Drancy transit camp , outside of Paris, where Jews were confined until they were deported to death camps.

The camp at Drancy was in a multi-storey complex designed to hold 700 people, but at its peak in it held more than 7,000. There is documented evidence and testimony recounting the brutality of the French guards in Drancy and the brutal conditions imposed on the people including the small children who, upon their arrival, were immediately separated from their parents. It is to Drancy that SS First Lieutenant Klaus Barbie transported Jewish children that he captured in a raid of a children’s home, before deporting them to Auschwitz, where they were all killed. In December 1941, 40 prisoners from Drancy were executed in retaliation for a French attack on German police officers.

Proof exists that more than 3,000 prisoners died in the French camps from lack of medical care or starvation. During the nights of July 16 and July 17, 1942, an incident occurred, which is now called “La Rafle du Vel d’Hiv” (The Great Raid of the Vel d’Hiv) - the Velodrome d’Hiver was a stadium in Paris designed for bike races. (The French destroyed the stadium after the war). This police operation had been organized after several discussions between the government of Petain and the Nazi occupation administration. The code name of this operation was “Vent printanier” (Spring Wind) and all the arrests were made by the French police under the control of French police officials. Originally, only the Jews who were older than age 16 had to be arrested. It was under the proposal of Prime Minister Laval that all the children were arrested.
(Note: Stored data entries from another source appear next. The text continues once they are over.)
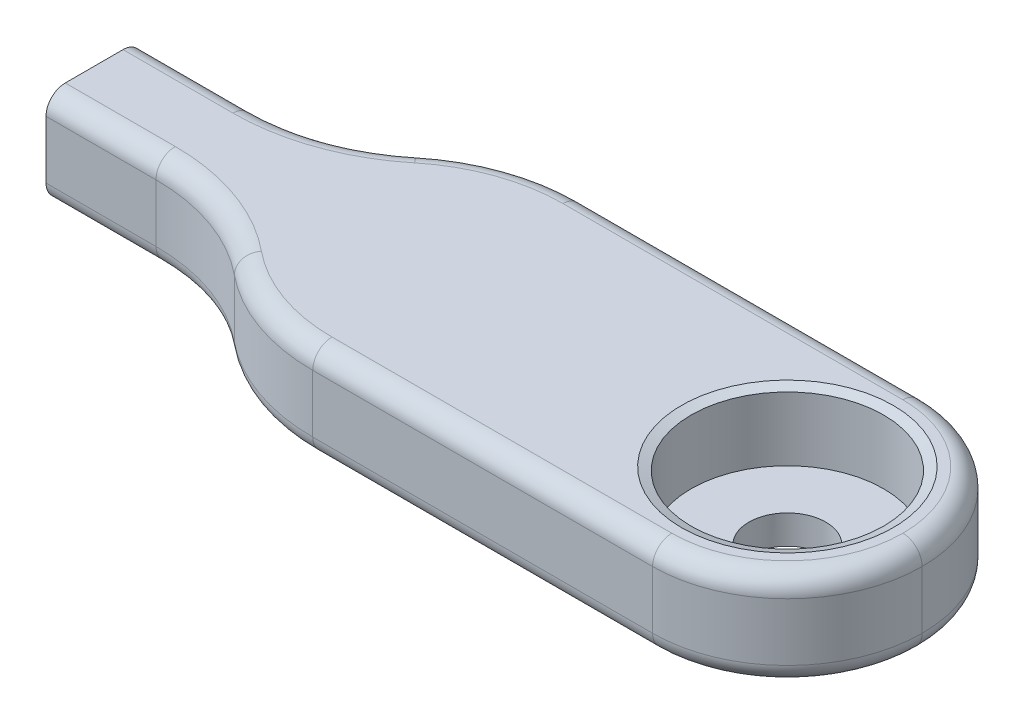
ISO-10303-21;
HEADER;
FILE_DESCRIPTION(('STEP AP214'),'2;1');
FILE_NAME('part.step','',(''),(''),'','','');
FILE_SCHEMA(('AUTOMOTIVE_DESIGN { 1 0 10303 214 1 1 1 1 }'));
ENDSEC;
DATA;
#1=APPLICATION_CONTEXT('core data for automotive mechanical design processes');
#2=APPLICATION_PROTOCOL_DEFINITION('international standard','automotive_design',2000,#1);
#3=PRODUCT_CONTEXT('',#1,'mechanical');
#4=PRODUCT('Part','Part','',(#3));
#5=PRODUCT_RELATED_PRODUCT_CATEGORY('part','',(#4));
#6=PRODUCT_DEFINITION_FORMATION('','',#4);
#7=PRODUCT_DEFINITION_CONTEXT('part definition',#1,'design');
#8=PRODUCT_DEFINITION('design','',#6,#7);
#9=PRODUCT_DEFINITION_SHAPE('','',#8);
#10=(LENGTH_UNIT() NAMED_UNIT(*) SI_UNIT(.MILLI.,.METRE.));
#11=(NAMED_UNIT(*) PLANE_ANGLE_UNIT() SI_UNIT($,.RADIAN.));
#12=(NAMED_UNIT(*) SI_UNIT($,.STERADIAN.) SOLID_ANGLE_UNIT());
#13=UNCERTAINTY_MEASURE_WITH_UNIT(LENGTH_MEASURE(1.E-05),#10,'distance_accuracy_value','');
#14=(GEOMETRIC_REPRESENTATION_CONTEXT(3) GLOBAL_UNCERTAINTY_ASSIGNED_CONTEXT((#13)) GLOBAL_UNIT_ASSIGNED_CONTEXT((#10,
#11,#12)) REPRESENTATION_CONTEXT('',''));
#15=CARTESIAN_POINT('',(0.,0.,0.));
#16=DIRECTION('',(0.,0.,1.));
#17=DIRECTION('',(1.,0.,0.));
#18=AXIS2_PLACEMENT_3D('',#15,#16,#17);
#19=CARTESIAN_POINT('',(-21.5,5.,-7.));
#20=DIRECTION('',(0.,0.,1.));
#21=DIRECTION('',(1.,0.,0.));
#22=AXIS2_PLACEMENT_3D('',#19,#20,#21);
#23=PLANE('',#22);
#24=DIRECTION('',(0.,-1.,0.));
#25=VECTOR('',#24,1.);
#26=CARTESIAN_POINT('',(14.5,5.,-7.));
#27=LINE('',#26,#25);
#28=CARTESIAN_POINT('',(14.5,4.,-7.));
#29=VERTEX_POINT('',#28);
#30=CARTESIAN_POINT('',(14.5,1.,-7.));
#31=VERTEX_POINT('',#30);
#32=EDGE_CURVE('E573',#29,#31,#27,.T.);
#33=ORIENTED_EDGE('',*,*,#32,.T.);
#34=DIRECTION('',(-1.,0.,0.));
#35=VECTOR('',#34,1.);
#36=CARTESIAN_POINT('',(-3.14835345575496,1.,-7.));
#37=LINE('',#36,#35);
#38=CARTESIAN_POINT('',(-3.14835345575496,1.,-7.));
#39=VERTEX_POINT('',#38);
#40=EDGE_CURVE('E243',#31,#39,#37,.T.);
#41=ORIENTED_EDGE('',*,*,#40,.T.);
#42=DIRECTION('',(0.,-1.,0.));
#43=VECTOR('',#42,1.);
#44=CARTESIAN_POINT('',(-3.14835345575496,5.,-7.));
#45=LINE('',#44,#43);
#46=CARTESIAN_POINT('',(-3.14835345575496,4.,-7.));
#47=VERTEX_POINT('',#46);
#48=EDGE_CURVE('E550',#39,#47,#45,.F.);
#49=ORIENTED_EDGE('',*,*,#48,.T.);
#50=DIRECTION('',(-1.,0.,0.));
#51=VECTOR('',#50,1.);
#52=CARTESIAN_POINT('',(-21.5,4.,-7.));
#53=LINE('',#52,#51);
#54=EDGE_CURVE('E240',#47,#29,#53,.F.);
#55=ORIENTED_EDGE('',*,*,#54,.T.);
#56=EDGE_LOOP('',(#33,#41,#49,#55));
#57=FACE_BOUND('',#56,.T.);
#58=ADVANCED_FACE('F41',(#57),#23,.F.);
#59=CARTESIAN_POINT('',(-21.5,5.,7.));
#60=DIRECTION('',(1.,0.,0.));
#61=DIRECTION('',(0.,0.,-1.));
#62=AXIS2_PLACEMENT_3D('',#59,#60,#61);
#63=PLANE('',#62);
#64=CARTESIAN_POINT('',(-21.5,2.5,0.));
#65=DIRECTION('',(-1.,0.,0.));
#66=DIRECTION('',(0.,0.,1.));
#67=AXIS2_PLACEMENT_3D('',#64,#65,#66);
#68=CIRCLE('',#67,2.2);
#69=CARTESIAN_POINT('',(-21.5,2.5,2.2));
#70=VERTEX_POINT('',#69);
#71=EDGE_CURVE('E364',#70,#70,#68,.T.);
#72=ORIENTED_EDGE('',*,*,#71,.F.);
#73=EDGE_LOOP('',(#72));
#74=FACE_BOUND('',#73,.T.);
#75=DIRECTION('',(0.,1.,0.));
#76=VECTOR('',#75,1.);
#77=CARTESIAN_POINT('',(-21.5,-5.,-2.5));
#78=LINE('',#77,#76);
#79=CARTESIAN_POINT('',(-21.5,1.,-2.5));
#80=VERTEX_POINT('',#79);
#81=CARTESIAN_POINT('',(-21.5,4.,-2.5));
#82=VERTEX_POINT('',#81);
#83=EDGE_CURVE('E198',#80,#82,#78,.T.);
#84=ORIENTED_EDGE('',*,*,#83,.F.);
#85=CARTESIAN_POINT('',(-21.5,1.,-1.5));
#86=DIRECTION('',(1.,0.,0.));
#87=DIRECTION('',(0.,0.,-1.));
#88=AXIS2_PLACEMENT_3D('',#85,#86,#87);
#89=CIRCLE('',#88,1.);
#90=CARTESIAN_POINT('',(-21.5,0.,-1.5));
#91=VERTEX_POINT('',#90);
#92=EDGE_CURVE('E193',#80,#91,#89,.F.);
#93=ORIENTED_EDGE('',*,*,#92,.T.);
#94=DIRECTION('',(0.,0.,1.));
#95=VECTOR('',#94,1.);
#96=CARTESIAN_POINT('',(-21.5,0.,7.));
#97=LINE('',#96,#95);
#98=CARTESIAN_POINT('',(-21.5,0.,1.5));
#99=VERTEX_POINT('',#98);
#100=EDGE_CURVE('E196',#91,#99,#97,.T.);
#101=ORIENTED_EDGE('',*,*,#100,.T.);
#102=CARTESIAN_POINT('',(-21.5,1.,1.5));
#103=DIRECTION('',(1.,0.,0.));
#104=DIRECTION('',(0.,0.,-1.));
#105=AXIS2_PLACEMENT_3D('',#102,#103,#104);
#106=CIRCLE('',#105,1.);
#107=CARTESIAN_POINT('',(-21.5,1.,2.5));
#108=VERTEX_POINT('',#107);
#109=EDGE_CURVE('E65',#99,#108,#106,.F.);
#110=ORIENTED_EDGE('',*,*,#109,.T.);
#111=DIRECTION('',(0.,1.,0.));
#112=VECTOR('',#111,1.);
#113=CARTESIAN_POINT('',(-21.5,-5.,2.5));
#114=LINE('',#113,#112);
#115=CARTESIAN_POINT('',(-21.5,4.,2.5));
#116=VERTEX_POINT('',#115);
#117=EDGE_CURVE('E541',#108,#116,#114,.T.);
#118=ORIENTED_EDGE('',*,*,#117,.T.);
#119=CARTESIAN_POINT('',(-21.5,4.,1.5));
#120=DIRECTION('',(1.,0.,0.));
#121=DIRECTION('',(0.,0.,-1.));
#122=AXIS2_PLACEMENT_3D('',#119,#120,#121);
#123=CIRCLE('',#122,1.);
#124=CARTESIAN_POINT('',(-21.5,5.,1.5));
#125=VERTEX_POINT('',#124);
#126=EDGE_CURVE('E313',#116,#125,#123,.F.);
#127=ORIENTED_EDGE('',*,*,#126,.T.);
#128=DIRECTION('',(0.,0.,1.));
#129=VECTOR('',#128,1.);
#130=CARTESIAN_POINT('',(-21.5,5.,7.));
#131=LINE('',#130,#129);
#132=CARTESIAN_POINT('',(-21.5,5.,-1.5));
#133=VERTEX_POINT('',#132);
#134=EDGE_CURVE('E213',#133,#125,#131,.T.);
#135=ORIENTED_EDGE('',*,*,#134,.F.);
#136=CARTESIAN_POINT('',(-21.5,4.,-1.5));
#137=DIRECTION('',(1.,0.,0.));
#138=DIRECTION('',(0.,0.,-1.));
#139=AXIS2_PLACEMENT_3D('',#136,#137,#138);
#140=CIRCLE('',#139,1.);
#141=EDGE_CURVE('E203',#133,#82,#140,.F.);
#142=ORIENTED_EDGE('',*,*,#141,.T.);
#143=EDGE_LOOP('',(#84,#93,#101,#110,#118,#127,#135,#142));
#144=FACE_BOUND('',#143,.T.);
#145=ADVANCED_FACE('F195',(#74,#144),#63,.F.);
#146=CARTESIAN_POINT('',(-21.5,5.,7.));
#147=DIRECTION('',(0.,0.,-1.));
#148=DIRECTION('',(-1.,0.,0.));
#149=AXIS2_PLACEMENT_3D('',#146,#147,#148);
#150=PLANE('',#149);
#151=DIRECTION('',(0.,1.,0.));
#152=VECTOR('',#151,1.);
#153=CARTESIAN_POINT('',(-3.14835345575497,5.,7.));
#154=LINE('',#153,#152);
#155=CARTESIAN_POINT('',(-3.14835345575497,4.,7.));
#156=VERTEX_POINT('',#155);
#157=CARTESIAN_POINT('',(-3.14835345575497,1.,7.));
#158=VERTEX_POINT('',#157);
#159=EDGE_CURVE('E546',#156,#158,#154,.F.);
#160=ORIENTED_EDGE('',*,*,#159,.T.);
#161=DIRECTION('',(1.,0.,0.));
#162=VECTOR('',#161,1.);
#163=CARTESIAN_POINT('',(14.5,1.,7.));
#164=LINE('',#163,#162);
#165=CARTESIAN_POINT('',(14.5,1.,7.));
#166=VERTEX_POINT('',#165);
#167=EDGE_CURVE('E261',#158,#166,#164,.T.);
#168=ORIENTED_EDGE('',*,*,#167,.T.);
#169=DIRECTION('',(0.,-1.,0.));
#170=VECTOR('',#169,1.);
#171=CARTESIAN_POINT('',(14.5,5.,7.));
#172=LINE('',#171,#170);
#173=CARTESIAN_POINT('',(14.5,4.,7.));
#174=VERTEX_POINT('',#173);
#175=EDGE_CURVE('E576',#166,#174,#172,.F.);
#176=ORIENTED_EDGE('',*,*,#175,.T.);
#177=DIRECTION('',(1.,0.,0.));
#178=VECTOR('',#177,1.);
#179=CARTESIAN_POINT('',(-21.5,4.,7.));
#180=LINE('',#179,#178);
#181=EDGE_CURVE('E258',#174,#156,#180,.F.);
#182=ORIENTED_EDGE('',*,*,#181,.T.);
#183=EDGE_LOOP('',(#160,#168,#176,#182));
#184=FACE_BOUND('',#183,.T.);
#185=ADVANCED_FACE('F419',(#184),#150,.F.);
#186=CARTESIAN_POINT('',(0.,5.,0.));
#187=DIRECTION('',(0.,-1.,0.));
#188=DIRECTION('',(0.,0.,-1.));
#189=AXIS2_PLACEMENT_3D('',#186,#187,#188);
#190=PLANE('',#189);
#191=CARTESIAN_POINT('',(14.5,5.,0.));
#192=DIRECTION('',(0.,-1.,0.));
#193=DIRECTION('',(0.,0.,-1.));
#194=AXIS2_PLACEMENT_3D('',#191,#192,#193);
#195=CIRCLE('',#194,5.50000000000001);
#196=CARTESIAN_POINT('',(14.5,5.,-5.50000000000001));
#197=VERTEX_POINT('',#196);
#198=EDGE_CURVE('E587',#197,#197,#195,.T.);
#199=ORIENTED_EDGE('',*,*,#198,.T.);
#200=EDGE_LOOP('',(#199));
#201=FACE_BOUND('',#200,.T.);
#202=CARTESIAN_POINT('',(-15.7875781155195,5.,-12.5));
#203=DIRECTION('',(0.,-1.,0.));
#204=DIRECTION('',(0.,0.,-1.));
#205=AXIS2_PLACEMENT_3D('',#202,#203,#204);
#206=CIRCLE('',#205,11.);
#207=CARTESIAN_POINT('',(-8.83600455264901,5.,-3.975));
#208=VERTEX_POINT('',#207);
#209=CARTESIAN_POINT('',(-15.7875781155195,5.,-1.5));
#210=VERTEX_POINT('',#209);
#211=EDGE_CURVE('E300',#208,#210,#206,.T.);
#212=ORIENTED_EDGE('',*,*,#211,.T.);
#213=DIRECTION('',(1.,0.,0.));
#214=VECTOR('',#213,1.);
#215=CARTESIAN_POINT('',(0.,5.,-1.5));
#216=LINE('',#215,#214);
#217=EDGE_CURVE('E304',#210,#133,#216,.F.);
#218=ORIENTED_EDGE('',*,*,#217,.T.);
#219=ORIENTED_EDGE('',*,*,#134,.T.);
#220=DIRECTION('',(-1.,0.,0.));
#221=VECTOR('',#220,1.);
#222=CARTESIAN_POINT('',(0.,5.,1.5));
#223=LINE('',#222,#221);
#224=CARTESIAN_POINT('',(-15.7875781155195,5.,1.5));
#225=VERTEX_POINT('',#224);
#226=EDGE_CURVE('E276',#125,#225,#223,.F.);
#227=ORIENTED_EDGE('',*,*,#226,.T.);
#228=CARTESIAN_POINT('',(-15.7875781155195,5.,12.5));
#229=DIRECTION('',(0.,-1.,0.));
#230=DIRECTION('',(0.,0.,-1.));
#231=AXIS2_PLACEMENT_3D('',#228,#229,#230);
#232=CIRCLE('',#231,11.);
#233=CARTESIAN_POINT('',(-8.83600455264901,5.,3.975));
#234=VERTEX_POINT('',#233);
#235=EDGE_CURVE('E279',#225,#234,#232,.T.);
#236=ORIENTED_EDGE('',*,*,#235,.T.);
#237=CARTESIAN_POINT('',(-3.14835345575497,5.,-3.));
#238=DIRECTION('',(0.,-1.,0.));
#239=DIRECTION('',(0.,0.,-1.));
#240=AXIS2_PLACEMENT_3D('',#237,#238,#239);
#241=CIRCLE('',#240,9.);
#242=CARTESIAN_POINT('',(-3.14835345575497,5.,6.));
#243=VERTEX_POINT('',#242);
#244=EDGE_CURVE('E282',#234,#243,#241,.F.);
#245=ORIENTED_EDGE('',*,*,#244,.T.);
#246=DIRECTION('',(1.,0.,0.));
#247=VECTOR('',#246,1.);
#248=CARTESIAN_POINT('',(0.,5.,6.));
#249=LINE('',#248,#247);
#250=CARTESIAN_POINT('',(14.5,5.,6.));
#251=VERTEX_POINT('',#250);
#252=EDGE_CURVE('E285',#243,#251,#249,.T.);
#253=ORIENTED_EDGE('',*,*,#252,.T.);
#254=CARTESIAN_POINT('',(14.5,5.,0.));
#255=DIRECTION('',(0.,-1.,0.));
#256=DIRECTION('',(0.,0.,-1.));
#257=AXIS2_PLACEMENT_3D('',#254,#255,#256);
#258=CIRCLE('',#257,6.);
#259=CARTESIAN_POINT('',(20.5,5.,0.));
#260=VERTEX_POINT('',#259);
#261=EDGE_CURVE('E288',#251,#260,#258,.F.);
#262=ORIENTED_EDGE('',*,*,#261,.T.);
#263=CARTESIAN_POINT('',(14.5,5.,0.));
#264=DIRECTION('',(0.,-1.,0.));
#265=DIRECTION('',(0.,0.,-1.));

More than 12,800 (3,031 men, 5,802 women and 4,051 children aged between 2 and 12) were transferred to the Velodrome d’Hiver. The children were kept there for 5 miserable days without any food or medical care and then they were transferred to Drancy, Beaune-la-Rolande or Pithiviers. The children were separated from their parents by the French police immediately after their arrival in Drancy. The parents were transported to Auschwitz and gassed. The children stayed in Drancy, sometimes for weeks, without any proper care or adequate food. Several babies and very young children died in Drancy due to the lack of care and the brutality of the French guards. Finally, they were all transported to Auschwitz and gassed upon their arrival. More than 6,000 Jewish children from all the regions of France were arrested and transported to their deaths between July 17 and September 30, 1942.

There were several other camps like Drancy in France: Noe, Gurs, Recebedou ...

During more than 40 years, the French Government refused to admit the responsibility of the regime of Petain and the French police in the deportation of the French Jews. However, on July 16, 1995, president Jacques Chirac, in a speech, recognized the responsibility of the French State, and in particular of the French police which organized the July 1942 “La Rafle du Vel d’Hiv”, for seconding the “criminal folly of the occupying country”.